A macrophyte is an aquatic plant that grows in or near water and is either emergent, submergent, or floating. In lakes macrophytes provide cover for fish and substrate for aquatic invertebrates, produce oxygen, and act as food for some fish and wildlife.
A decline in a macrophyte population may indicate water quality problems. Such problems may be the result of excessive turbidity, herbicides, or salinization. Conversely, overly high nutrient levels may create an overabundance of macrophytes, which may in turn interfere with lake processing.
Macrophyte levels are easy to sample, do not require laboratory analysis, and are easily used for calculating simple abundance metrics.
In botany, a stoma (plural stomata) (occasionally called a stomate, plural stomates) (from Greek στόμα, "mouth") is a pore, found in the epidermis of leaves, stems and other organs that is used to control gas exchange. The pore is bordered by a pair of specialized [parenchyma] cells known as guard cells that are responsible for regulating the size of the opening. The term is also used collectively to refer to an entire stomatal complex, both the pore itself and its accompanying guard cells. Air containing carbon dioxide and oxygen enters the plant through these openings and is used in photosynthesis in the mesophyll cells (parenchyma cells with chloroplasts) and respiration, respectively.
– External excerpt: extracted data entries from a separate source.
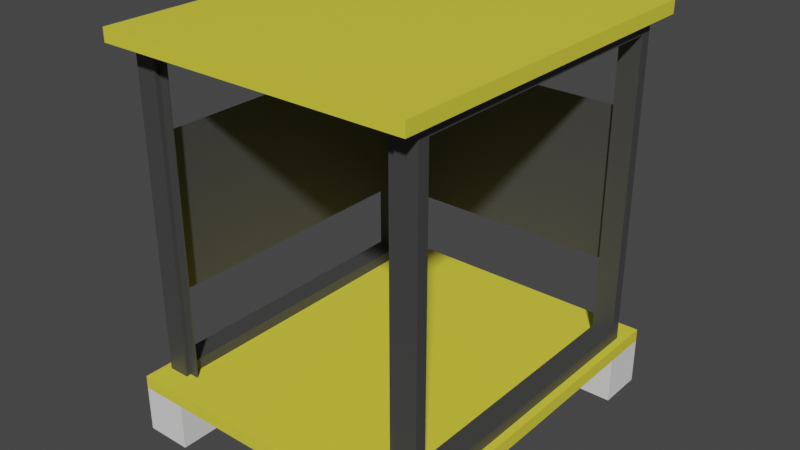 # Source: furnature.audio.studio-RTA.producer-cart.blend  (saved by Blender 5.0.113; exported with 4.5.12 LTS)
import bpy
from mathutils import Matrix  # noqa: F401  (used for matrix-valued properties, if any)

bpy.ops.wm.read_factory_settings(use_empty=True)
scene = bpy.context.scene
scene.name = 'Scene'

# ---- collections
col_studio_rta_producer_cart = bpy.data.collections.new('studio-RTA.producer-cart'); scene.collection.children.link(col_studio_rta_producer_cart)
col_diy = bpy.data.collections.new('diy'); scene.collection.children.link(col_diy)

# ---- materials (node trees are filled in below, after node groups)
mat_material_003 = bpy.data.materials.new('Material.003')
mat_material_003.use_backface_culling_lightprobe_volume = False
mat_material_003.use_transparent_shadow = False
mat_material_003.diffuse_color = (0.8, 0.5731, 0.09584, 1.0)
mat_material_014 = bpy.data.materials.new('Material.014')
mat_material_014.use_backface_culling_lightprobe_volume = False
mat_material_014.use_transparent_shadow = False
mat_material_014.diffuse_color = (0.02198, 0.02198, 0.02198, 1.0)
mat_material_015 = bpy.data.materials.new('Material.015')
mat_material_015.use_backface_culling_lightprobe_volume = False
mat_material_015.use_transparent_shadow = False
mat_material_015.diffuse_color = (0.02198, 0.02198, 0.02198, 1.0)
mat_material_016 = bpy.data.materials.new('Material.016')
mat_material_016.use_backface_culling_lightprobe_volume = False
mat_material_016.use_transparent_shadow = False
mat_material_016.diffuse_color = (0.02198, 0.02198, 0.02198, 1.0)
mat_material_017 = bpy.data.materials.new('Material.017')
mat_material_017.use_backface_culling_lightprobe_volume = False
mat_material_017.use_transparent_shadow = False
mat_material_017.diffuse_color = (0.02198, 0.02198, 0.02198, 1.0)
mat_material_018 = bpy.data.materials.new('Material.018')
mat_material_018.use_backface_culling_lightprobe_volume = False
mat_material_018.use_transparent_shadow = False
mat_material_018.diffuse_color = (0.02198, 0.02198, 0.02198, 1.0)
mat_material_019 = bpy.data.materials.new('Material.019')
mat_material_019.use_backface_culling_lightprobe_volume = False
mat_material_019.use_transparent_shadow = False
mat_material_019.diffuse_color = (0.02198, 0.02198, 0.02198, 1.0)
mat_material_020 = bpy.data.materials.new('Material.020')
mat_material_020.use_backface_culling_lightprobe_volume = False
mat_material_020.use_transparent_shadow = False
mat_material_020.diffuse_color = (0.02198, 0.02198, 0.02198, 1.0)
mat_material_021 = bpy.data.materials.new('Material.021')
mat_material_021.use_backface_culling_lightprobe_volume = False
mat_material_021.use_transparent_shadow = False
mat_material_021.diffuse_color = (0.02198, 0.02198, 0.02198, 1.0)
mat_material_022 = bpy.data.materials.new('Material.022')
mat_material_022.use_backface_culling_lightprobe_volume = False
mat_material_022.use_transparent_shadow = False
mat_material_022.diffuse_color = (0.8, 0.5731, 0.09584, 1.0)
mat_material_023 = bpy.data.materials.new('Material.023')
mat_material_023.use_backface_culling_lightprobe_volume = False
mat_material_023.use_transparent_shadow = False
mat_material_023.diffuse_color = (0.02198, 0.02198, 0.02198, 1.0)
mat_material_024 = bpy.data.materials.new('Material.024')
mat_material_024.use_backface_culling_lightprobe_volume = False
mat_material_024.use_transparent_shadow = False
mat_material_024.diffuse_color = (0.02198, 0.02198, 0.02198, 1.0)

# ---- material node trees
mat_material_003.use_nodes = True; mat_material_003.node_tree.nodes.clear()
_N = mat_material_003.node_tree.nodes; _L = mat_material_003.node_tree.links
n0 = _N.new('ShaderNodeBsdfPrincipled'); n0.name = 'Principled BSDF'; n0.location = (10, 300)
n0.distribution = 'GGX'
n0.subsurface_method = 'BURLEY'
n0.inputs[0].default_value = (0.8, 0.7221, 0.05199, 1.0)
n0.inputs[3].default_value = 1.45
n0.inputs[27].default_value = (0.0, 0.0, 0.0, 1.0)
n0.inputs[28].default_value = 1.0
n1 = _N.new('ShaderNodeOutputMaterial'); n1.name = 'Material Output'; n1.location = (300, 300)
_L.new(n0.outputs[0], n1.inputs[0])
n1.is_active_output = True
mat_material_014.use_nodes = True; mat_material_014.node_tree.nodes.clear()
_N = mat_material_014.node_tree.nodes; _L = mat_material_014.node_tree.links
n0 = _N.new('ShaderNodeBsdfPrincipled'); n0.name = 'Principled BSDF'; n0.location = (10, 300)
n0.distribution = 'GGX'
n0.subsurface_method = 'BURLEY'
n0.inputs[0].default_value = (0.05497, 0.05497, 0.05497, 1.0)
n0.inputs[3].default_value = 1.45
n0.inputs[27].default_value = (0.0, 0.0, 0.0, 1.0)
n0.inputs[28].default_value = 1.0
n1 = _N.new('ShaderNodeOutputMaterial'); n1.name = 'Material Output'; n1.location = (300, 300)
_L.new(n0.outputs[0], n1.inputs[0])
n1.is_active_output = True
mat_material_015.use_nodes = True; mat_material_015.node_tree.nodes.clear()
_N = mat_material_015.node_tree.nodes; _L = mat_material_015.node_tree.links
n0 = _N.new('ShaderNodeBsdfPrincipled'); n0.name = 'Principled BSDF'; n0.location = (10, 300)
n0.distribution = 'GGX'
n0.subsurface_method = 'BURLEY'
n0.inputs[0].default_value = (0.05497, 0.05497, 0.05497, 1.0)
n0.inputs[3].default_value = 1.45
n0.inputs[27].default_value = (0.0, 0.0, 0.0, 1.0)
n0.inputs[28].default_value = 1.0
n1 = _N.new('ShaderNodeOutputMaterial'); n1.name = 'Material Output'; n1.location = (300, 300)
_L.new(n0.outputs[0], n1.inputs[0])
n1.is_active_output = True
mat_material_016.use_nodes = True; mat_material_016.node_tree.nodes.clear()
_N = mat_material_016.node_tree.nodes; _L = mat_material_016.node_tree.links
n0 = _N.new('ShaderNodeBsdfPrincipled'); n0.name = 'Principled BSDF'; n0.location = (10, 300)
n0.distribution = 'GGX'
n0.subsurface_method = 'BURLEY'
n0.inputs[0].default_value = (0.05497, 0.05497, 0.05497, 1.0)
n0.inputs[3].default_value = 1.45
n0.inputs[27].default_value = (0.0, 0.0, 0.0, 1.0)
n0.inputs[28].default_value = 1.0
n1 = _N.new('ShaderNodeOutputMaterial'); n1.name = 'Material Output'; n1.location = (300, 300)
_L.new(n0.outputs[0], n1.inputs[0])
n1.is_active_output = True
mat_material_017.use_nodes = True; mat_material_017.node_tree.nodes.clear()
_N = mat_material_017.node_tree.nodes; _L = mat_material_017.node_tree.links
n0 = _N.new('ShaderNodeBsdfPrincipled'); n0.name = 'Principled BSDF'; n0.location = (10, 300)
n0.distribution = 'GGX'
n0.subsurface_method = 'BURLEY'
n0.inputs[0].default_value = (0.05497, 0.05497, 0.05497, 1.0)
n0.inputs[3].default_value = 1.45
n0.inputs[27].default_value = (0.0, 0.0, 0.0, 1.0)
n0.inputs[28].default_value = 1.0
n1 = _N.new('ShaderNodeOutputMaterial'); n1.name = 'Material Output'; n1.location = (300, 300)
_L.new(n0.outputs[0], n1.inputs[0])
n1.is_active_output = True
mat_material_018.use_nodes = True; mat_material_018.node_tree.nodes.clear()
_N = mat_material_018.node_tree.nodes; _L = mat_material_018.node_tree.links
n0 = _N.new('ShaderNodeBsdfPrincipled'); n0.name = 'Principled BSDF'; n0.location = (10, 300)
n0.distribution = 'GGX'
n0.subsurface_method = 'BURLEY'
n0.inputs[0].default_value = (0.05497, 0.05497, 0.05497, 1.0)
n0.inputs[3].default_value = 1.45
n0.inputs[27].default_value = (0.0, 0.0, 0.0, 1.0)
n0.inputs[28].default_value = 1.0
n1 = _N.new('ShaderNodeOutputMaterial'); n1.name = 'Material Output'; n1.location = (300, 300)
_L.new(n0.outputs[0], n1.inputs[0])
n1.is_active_output = True
mat_material_019.use_nodes = True; mat_material_019.node_tree.nodes.clear()
_N = mat_material_019.node_tree.nodes; _L = mat_material_019.node_tree.links
n0 = _N.new('ShaderNodeBsdfPrincipled'); n0.name = 'Principled BSDF'; n0.location = (10, 300)
n0.distribution = 'GGX'
n0.subsurface_method = 'BURLEY'
n0.inputs[0].default_value = (0.05497, 0.05497, 0.05497, 1.0)
n0.inputs[3].default_value = 1.45
n0.inputs[27].default_value = (0.0, 0.0, 0.0, 1.0)
n0.inputs[28].default_value = 1.0
n1 = _N.new('ShaderNodeOutputMaterial'); n1.name = 'Material Output'; n1.location = (300, 300)
_L.new(n0.outputs[0], n1.inputs[0])
n1.is_active_output = True
mat_material_020.use_nodes = True; mat_material_020.node_tree.nodes.clear()
_N = mat_material_020.node_tree.nodes; _L = mat_material_020.node_tree.links
n0 = _N.new('ShaderNodeBsdfPrincipled'); n0.name = 'Principled BSDF'; n0.location = (10, 300)
n0.distribution = 'GGX'
n0.subsurface_method = 'BURLEY'
n0.inputs[0].default_value = (0.05497, 0.05497, 0.05497, 1.0)
n0.inputs[3].default_value = 1.45
n0.inputs[27].default_value = (0.0, 0.0, 0.0, 1.0)
n0.inputs[28].default_value = 1.0
n1 = _N.new('ShaderNodeOutputMaterial'); n1.name = 'Material Output'; n1.location = (300, 300)
_L.new(n0.outputs[0], n1.inputs[0])
n1.is_active_output = True
mat_material_021.use_nodes = True; mat_material_021.node_tree.nodes.clear()
_N = mat_material_021.node_tree.nodes; _L = mat_material_021.node_tree.links
n0 = _N.new('ShaderNodeBsdfPrincipled'); n0.name = 'Principled BSDF'; n0.location = (10, 300)
n0.distribution = 'GGX'
n0.subsurface_method = 'BURLEY'
n0.inputs[0].default_value = (0.05497, 0.05497, 0.05497, 1.0)
n0.inputs[3].default_value = 1.45
n0.inputs[27].default_value = (0.0, 0.0, 0.0, 1.0)
n0.inputs[28].default_value = 1.0
n1 = _N.new('ShaderNodeOutputMaterial'); n1.name = 'Material Output'; n1.location = (300, 300)
_L.new(n0.outputs[0], n1.inputs[0])
n1.is_active_output = True
mat_material_022.use_nodes = True; mat_material_022.node_tree.nodes.clear()
_N = mat_material_022.node_tree.nodes; _L = mat_material_022.node_tree.links
n0 = _N.new('ShaderNodeBsdfPrincipled'); n0.name = 'Principled BSDF'; n0.location = (10, 300)
n0.distribution = 'GGX'
n0.subsurface_method = 'BURLEY'
n0.inputs[0].default_value = (0.8, 0.7221, 0.05199, 1.0)
n0.inputs[3].default_value = 1.45
n0.inputs[27].default_value = (0.0, 0.0, 0.0, 1.0)
n0.inputs[28].default_value = 1.0
n1 = _N.new('ShaderNodeOutputMaterial'); n1.name = 'Material Output'; n1.location = (300, 300)
_L.new(n0.outputs[0], n1.inputs[0])
n1.is_active_output = True
mat_material_023.use_nodes = True; mat_material_023.node_tree.nodes.clear()
_N = mat_material_023.node_tree.nodes; _L = mat_material_023.node_tree.links
n0 = _N.new('ShaderNodeBsdfPrincipled'); n0.name = 'Principled BSDF'; n0.location = (10, 300)
n0.distribution = 'GGX'
n0.subsurface_method = 'BURLEY'
n0.inputs[0].default_value = (0.05497, 0.05497, 0.05497, 1.0)
n0.inputs[3].default_value = 1.45
n0.inputs[27].default_value = (0.0, 0.0, 0.0, 1.0)
n0.inputs[28].default_value = 1.0
n1 = _N.new('ShaderNodeOutputMaterial'); n1.name = 'Material Output'; n1.location = (300, 300)
_L.new(n0.outputs[0], n1.inputs[0])
n1.is_active_output = True
mat_material_024.use_nodes = True; mat_material_024.node_tree.nodes.clear()
_N = mat_material_024.node_tree.nodes; _L = mat_material_024.node_tree.links
n0 = _N.new('ShaderNodeBsdfPrincipled'); n0.name = 'Principled BSDF'; n0.location = (10, 300)
n0.distribution = 'GGX'
n0.subsurface_method = 'BURLEY'
n0.inputs[0].default_value = (0.05497, 0.05497, 0.05497, 1.0)
n0.inputs[3].default_value = 1.45
n0.inputs[27].default_value = (0.0, 0.0, 0.0, 1.0)
n0.inputs[28].default_value = 1.0
n1 = _N.new('ShaderNodeOutputMaterial'); n1.name = 'Material Output'; n1.location = (300, 300)
_L.new(n0.outputs[0], n1.inputs[0])
n1.is_active_output = True

# ---- world
world_world = bpy.data.worlds.new('World'); scene.world = world_world
world_world.use_nodes = True; world_world.node_tree.nodes.clear()
_N = world_world.node_tree.nodes; _L = world_world.node_tree.links
n0 = _N.new('ShaderNodeOutputWorld'); n0.name = 'World Output'; n0.location = (300, 300)
n1 = _N.new('ShaderNodeBackground'); n1.name = 'Background'; n1.location = (10, 300)
n1.inputs[0].default_value = (0.05088, 0.05088, 0.05088, 1.0)
_L.new(n1.outputs[0], n0.inputs[0])
n0.is_active_output = True
world_world.color = (0.05088, 0.05088, 0.05088)
world_world.use_sun_shadow = False
world_world.sun_shadow_jitter_overblur = 0.0

# ---- meshes
me_cube_002 = bpy.data.meshes.new('Cube.002')
me_cube_002.from_pydata([(-1.0, -1.0, -1.0), (-1.0, -1.0, 1.0), (-1.0, 1.0, -1.0), (-1.0, 1.0, 1.0), (1.0, -1.0, -1.0), (1.0, -1.0, 1.0), (1.0, 1.0, -1.0), (1.0, 1.0, 1.0)], [], [(0, 1, 3, 2), (2, 3, 7, 6), (6, 7, 5, 4), (4, 5, 1, 0), (2, 6, 4, 0), (7, 3, 1, 5)])
_uv = me_cube_002.uv_layers.new(name='UVMap')
_uv.uv.foreach_set('vector', [0.375, 0.0, 0.625, 0.0, 0.625, 0.25, 0.375, 0.25, 0.375, 0.25, 0.625, 0.25, 0.625, 0.5, 0.375, 0.5, 0.375, 0.5, 0.625, 0.5, 0.625, 0.75, 0.375, 0.75, 0.375, 0.75, 0.625, 0.75, 0.625, 1.0, 0.375, 1.0, 0.125, 0.5, 0.375, 0.5, 0.375, 0.75, 0.125, 0.75, 0.625, 0.5, 0.875, 0.5, 0.875, 0.75, 0.625, 0.75])
me_cube_002.use_remesh_fix_poles = True
me_cube_002.use_remesh_preserve_attributes = False
me_cube_002.update()
me_cube_003 = bpy.data.meshes.new('Cube.003')
me_cube_003.from_pydata([(-1.0, -1.0, -1.0), (-1.0, -1.0, 1.0), (-1.0, 1.0, -1.0), (-1.0, 1.0, 1.0), (1.0, -1.0, -1.0), (1.0, -1.0, 1.0), (1.0, 1.0, -1.0), (1.0, 1.0, 1.0)], [], [(0, 1, 3, 2), (2, 3, 7, 6), (6, 7, 5, 4), (4, 5, 1, 0), (2, 6, 4, 0), (7, 3, 1, 5)])
_uv = me_cube_003.uv_layers.new(name='UVMap')
_uv.uv.foreach_set('vector', [0.375, 0.0, 0.625, 0.0, 0.625, 0.25, 0.375, 0.25, 0.375, 0.25, 0.625, 0.25, 0.625, 0.5, 0.375, 0.5, 0.375, 0.5, 0.625, 0.5, 0.625, 0.75, 0.375, 0.75, 0.375, 0.75, 0.625, 0.75, 0.625, 1.0, 0.375, 1.0, 0.125, 0.5, 0.375, 0.5, 0.375, 0.75, 0.125, 0.75, 0.625, 0.5, 0.875, 0.5, 0.875, 0.75, 0.625, 0.75])
me_cube_003.use_remesh_fix_poles = True
me_cube_003.use_remesh_preserve_attributes = False
me_cube_003.update()
me_cube_004 = bpy.data.meshes.new('Cube.004')
me_cube_004.from_pydata([(-1.0, -1.0, -1.0), (-1.0, -1.0, 1.0), (-1.0, 1.0, -1.0), (-1.0, 1.0, 1.0), (1.0, -1.0, -1.0), (1.0, -1.0, 1.0), (1.0, 1.0, -1.0), (1.0, 1.0, 1.0)], [], [(0, 1, 3, 2), (2, 3, 7, 6), (6, 7, 5, 4), (4, 5, 1, 0), (2, 6, 4, 0), (7, 3, 1, 5)])
_uv = me_cube_004.uv_layers.new(name='UVMap')
_uv.uv.foreach_set('vector', [0.375, 0.0, 0.625, 0.0, 0.625, 0.25, 0.375, 0.25, 0.375, 0.25, 0.625, 0.25, 0.625, 0.5, 0.375, 0.5, 0.375, 0.5, 0.625, 0.5, 0.625, 0.75, 0.375, 0.75, 0.375, 0.75, 0.625, 0.75, 0.625, 1.0, 0.375, 1.0, 0.125, 0.5, 0.375, 0.5, 0.375, 0.75, 0.125, 0.75, 0.625, 0.5, 0.875, 0.5, 0.875, 0.75, 0.625, 0.75])
me_cube_004.use_remesh_fix_poles = True
me_cube_004.use_remesh_preserve_attributes = False
me_cube_004.update()
me_cube_005 = bpy.data.meshes.new('Cube.005')
me_cube_005.from_pydata([(-1.0, -1.0, -1.0), (-1.0, -1.0, 1.0), (-1.0, 1.0, -1.0), (-1.0, 1.0, 1.0), (1.0, -1.0, -1.0), (1.0, -1.0, 1.0), (1.0, 1.0, -1.0), (1.0, 1.0, 1.0)], [], [(0, 1, 3, 2), (2, 3, 7, 6), (6, 7, 5, 4), (4, 5, 1, 0), (2, 6, 4, 0), (7, 3, 1, 5)])
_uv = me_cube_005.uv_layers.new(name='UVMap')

Oxygen produced as a by-product of photosynthesis diffuses out to the atmosphere through these same openings. Also, water vapor is released into the atmosphere through these pores in a process called transpiration.
Stomata are present in the sporophyte generation of all land plant groups except liverworts. Dicotyledons usually have more stomata on the lower epidermis than the upper epidermis. Monocotyledons, on the other hand, usually have the same number of stomata on the two epidermes. In plants with floating leaves, stomata may be found only on the upper epidermis; submerged leaves may lack stomata entirely.